The purposes of this Act are to provide municipalities and their councils with

(a)    a legal framework for the powers, duties and functions that are necessary to fulfill their purposes, 

(b)    the authority and discretion to address existing and future community needs, and

(c)    the flexibility to determine the public interest of their communities and to respond to the different needs and changing circumstances of their communities. 

[17]            Section 4(1) repeats the principle of interpretation noted earlier:

The powers conferred on municipalities and their councils by or under this Act or the Local Government Act must be interpreted broadly in accordance with the purposes of those Acts and in accordance with municipal purposes. 

[18]            Section 7 states: 

The purposes of a municipality include 

(b)    providing for services, laws and other matters for community benefit,

…. 

(d)    fostering the economic, social and environmental well-being of its community. 

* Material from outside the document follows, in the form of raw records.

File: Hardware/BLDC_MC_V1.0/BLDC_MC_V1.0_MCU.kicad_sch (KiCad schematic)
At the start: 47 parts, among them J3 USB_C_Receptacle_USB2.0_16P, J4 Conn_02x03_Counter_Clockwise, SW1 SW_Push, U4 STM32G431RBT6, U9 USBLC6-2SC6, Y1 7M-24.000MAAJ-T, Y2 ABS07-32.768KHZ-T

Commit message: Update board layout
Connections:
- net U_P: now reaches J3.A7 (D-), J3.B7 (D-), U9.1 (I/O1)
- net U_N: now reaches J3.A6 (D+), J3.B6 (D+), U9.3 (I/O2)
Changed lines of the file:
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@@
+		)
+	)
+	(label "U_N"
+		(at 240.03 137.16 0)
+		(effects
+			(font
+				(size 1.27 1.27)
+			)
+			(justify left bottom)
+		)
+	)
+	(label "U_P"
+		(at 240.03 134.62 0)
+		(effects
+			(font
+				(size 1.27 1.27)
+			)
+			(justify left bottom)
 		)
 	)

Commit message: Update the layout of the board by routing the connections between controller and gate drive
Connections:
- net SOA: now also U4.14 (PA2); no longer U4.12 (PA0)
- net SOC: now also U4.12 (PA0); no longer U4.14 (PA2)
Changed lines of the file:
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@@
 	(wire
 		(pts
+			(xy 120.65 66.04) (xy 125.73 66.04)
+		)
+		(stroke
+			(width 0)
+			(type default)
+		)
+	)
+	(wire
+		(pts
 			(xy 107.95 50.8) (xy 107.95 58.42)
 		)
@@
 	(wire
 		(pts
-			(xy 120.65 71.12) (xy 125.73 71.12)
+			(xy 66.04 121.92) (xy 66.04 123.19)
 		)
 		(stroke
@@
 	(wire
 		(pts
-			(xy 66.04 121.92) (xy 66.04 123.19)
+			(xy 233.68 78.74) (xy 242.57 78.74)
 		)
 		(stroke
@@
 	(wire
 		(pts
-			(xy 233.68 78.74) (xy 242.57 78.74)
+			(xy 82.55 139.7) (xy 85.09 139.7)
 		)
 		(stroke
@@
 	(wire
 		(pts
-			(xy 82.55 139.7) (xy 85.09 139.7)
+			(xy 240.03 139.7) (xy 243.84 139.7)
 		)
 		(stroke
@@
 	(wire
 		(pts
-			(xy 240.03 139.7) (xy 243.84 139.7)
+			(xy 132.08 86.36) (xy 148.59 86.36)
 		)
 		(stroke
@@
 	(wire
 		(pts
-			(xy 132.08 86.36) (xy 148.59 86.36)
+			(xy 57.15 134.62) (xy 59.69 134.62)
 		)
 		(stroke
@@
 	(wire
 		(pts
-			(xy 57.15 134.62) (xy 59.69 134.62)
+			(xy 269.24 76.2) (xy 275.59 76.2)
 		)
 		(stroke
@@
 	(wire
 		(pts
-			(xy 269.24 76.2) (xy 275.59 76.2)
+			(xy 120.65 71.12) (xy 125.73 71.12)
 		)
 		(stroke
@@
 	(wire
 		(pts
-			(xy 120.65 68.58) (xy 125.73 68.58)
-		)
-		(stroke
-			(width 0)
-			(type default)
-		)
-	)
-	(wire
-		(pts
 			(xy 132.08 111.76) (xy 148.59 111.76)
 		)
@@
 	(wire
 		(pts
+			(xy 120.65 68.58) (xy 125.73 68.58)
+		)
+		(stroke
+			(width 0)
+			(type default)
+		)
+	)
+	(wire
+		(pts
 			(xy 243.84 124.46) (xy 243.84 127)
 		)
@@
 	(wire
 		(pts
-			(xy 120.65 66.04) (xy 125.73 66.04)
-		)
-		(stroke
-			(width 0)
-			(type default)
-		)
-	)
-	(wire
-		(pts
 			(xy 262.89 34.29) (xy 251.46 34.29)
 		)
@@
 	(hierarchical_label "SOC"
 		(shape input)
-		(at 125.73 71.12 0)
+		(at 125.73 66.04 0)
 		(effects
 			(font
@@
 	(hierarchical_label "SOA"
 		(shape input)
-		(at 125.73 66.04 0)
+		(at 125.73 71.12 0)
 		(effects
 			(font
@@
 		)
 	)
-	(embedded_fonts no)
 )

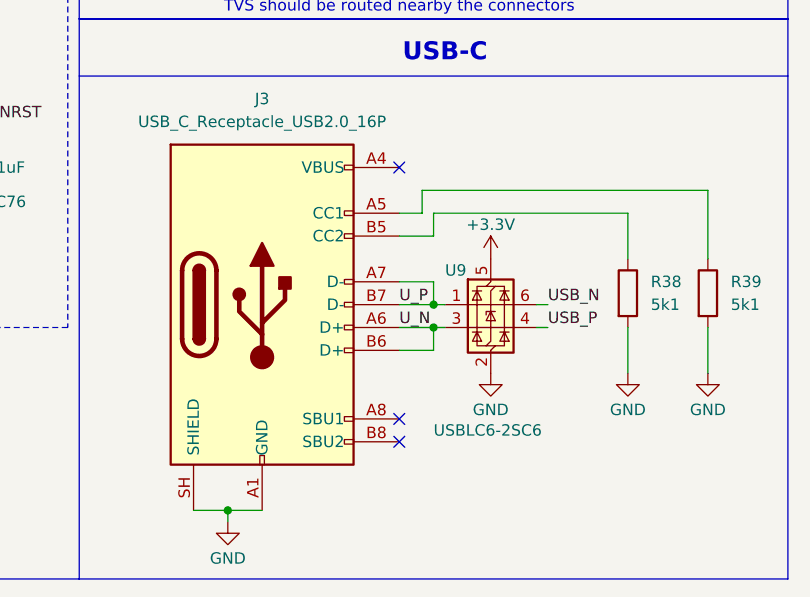
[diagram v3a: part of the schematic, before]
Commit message: Solve most of ERC errors
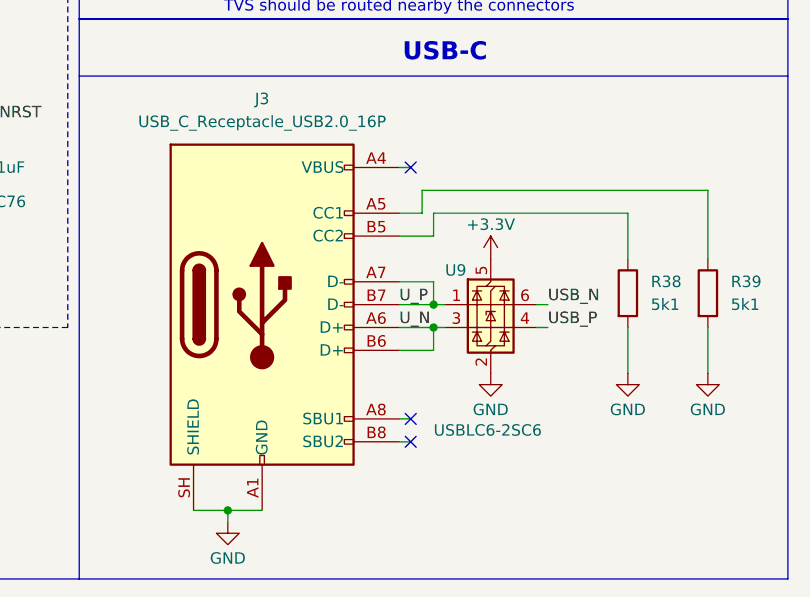
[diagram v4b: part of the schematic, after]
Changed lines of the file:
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@@
 	)
 	(no_connect
-		(at 240.03 147.32)
+		(at 241.3 147.32)
 	)
 	(no_connect
@@
 	)
 	(no_connect
-		(at 240.03 149.86)
+		(at 241.3 149.86)
 	)
 	(no_connect
@@
 	)
 	(no_connect
-		(at 240.03 119.38)
+		(at 241.3 119.38)
 	)
 	(no_connect
@@
 	(wire
 		(pts
+			(xy 241.3 119.38) (xy 240.03 119.38)
+		)
+		(stroke
+			(width 0)
+			(type default)
+		)
+	)
+	(wire
+		(pts
 			(xy 275.59 34.29) (xy 262.89 34.29)
 		)
@@
 	(wire
 		(pts
+			(xy 241.3 149.86) (xy 240.03 149.86)
+		)
+		(stroke
+			(width 0)
+			(type default)
+		)
+	)
+	(wire
+		(pts
 			(xy 82.55 111.76) (xy 85.09 111.76)
 		)
@@
 		)
 		(stroke
+			(width 0)
+			(type default)
+		)
+	)
+	(wire
+		(pts
+			(xy 241.3 147.32) (xy 240.03 147.32)
+		)
+		(stroke

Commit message: Solved all the worrnings founded
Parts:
- J3: footprint Connector_USB:USB_C_Receptacle_GCT_USB4105-xx-A_16P_TopMnt_Horizontal -> BLDC_Motor_Driver_Components_Footprint:USB_C_Receptacle_GCT_USB4105-xx-A_16P_TopMnt_Horizontal
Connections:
- net GND: no longer J3.B1 (GND), J3.B12 (GND)
- net at J3.A4 (VBUS), J3.A9 (VBUS): no longer J3.B4 (VBUS), J3.B9 (VBUS)
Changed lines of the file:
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@@
 			)
 		)
-		(property "Footprint" "Connector_USB:USB_C_Receptacle_GCT_USB4105-xx-A_16P_TopMnt_Horizontal"
+		(property "Footprint" "BLDC_Motor_Driver_Components_Footprint:USB_C_Receptacle_GCT_USB4105-xx-A_16P_TopMnt_Horizontal"
 			(at 228.6 134.62 0)
 			(hide yes)
@@
 			)
 		)
-		(pin "B4"
-		)
-		(pin "B12"
-		)
 		(pin "SH"
 		)
@@
 		)
 		(pin "A12"
-		)
-		(pin "B1"
 		)
 		(pin "A4"
@@
 		(pin "B5"
 		)
-		(pin "B9"
-		)
 		(pin "A7"

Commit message: Edited the label of the Schematic sheets
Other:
- company: (none) -> Ahmed Aboeita
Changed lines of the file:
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@@
 	(title_block
 		(title "${Project_Name}")
-		(date "2026-03-23")
-		(rev "V1")
+		(date "2026-08-17")
+		(rev "V1.0")
+		(company "Ahmed Aboeita")
+		(comment 1 "8-Layer High-TG180 PCB with Kelvin Current Sensing")
+		(comment 2 "Power Stage: 3-Phase Inverter with Active Reverse Polarity & E-Fuse OCP")
+		(comment 3 "Core MCU: STM32G431RBT6 (FOC & CORDIC Processing, 100 kHz PWM)")
+		(comment 4 "Stackup & Sensing: System Ratings: 100V DC Bus | 50A Continuous | T_A = 125 degrees  ")
 	)
 	(rectangle

[19]            Section 8 deals generally with the authority of municipalities to regulate businesses: 

8    (6)  A council may, by bylaw, regulate in relation to business. 

[20]            The term “regulate” is defined in Section 1 as follows: 

includes authorize, control, inspect, limit and restrict, including by establishing rules respecting what must or must not be done, in relation to the persons, properties, activities, things or other matters to be regulated. 

[21]            Finally, I turn to s. 59 which deals specifically with a municipality’s power to impose requirements on second hand dealers, including that they notify the City’s Chief Constable after purchasing, taking in or receiving used or second hand goods.  It provides: 

A council may, by bylaw, do one or more of the following: 

      (b)  In relation to person engaged in the business activity of purchasing, taking in barter or receiving used or second hand goods, 

            (i)   require such persons, after purchasing, taking in or receiving used or second hand goods, to notify the chief constable who has jurisdiction in the municipality within the time period established by the bylaw…. 

(my emphasis) 

[22]            As I understand it, the petitioner submits, relying on the decision of the Provincial Court of New Brunswick in Fredericton (the City of) v. The Re-Purchase Shop (Unreported December 3, 2004), (hereinafter referred to as “Re-Purchase Shop”), that Sections 5 and 8 of the subject Bylaw, which require disclosure of the recorded information to the police, are ultra vires the City as being an encroachment on the federal criminal law jurisdiction. 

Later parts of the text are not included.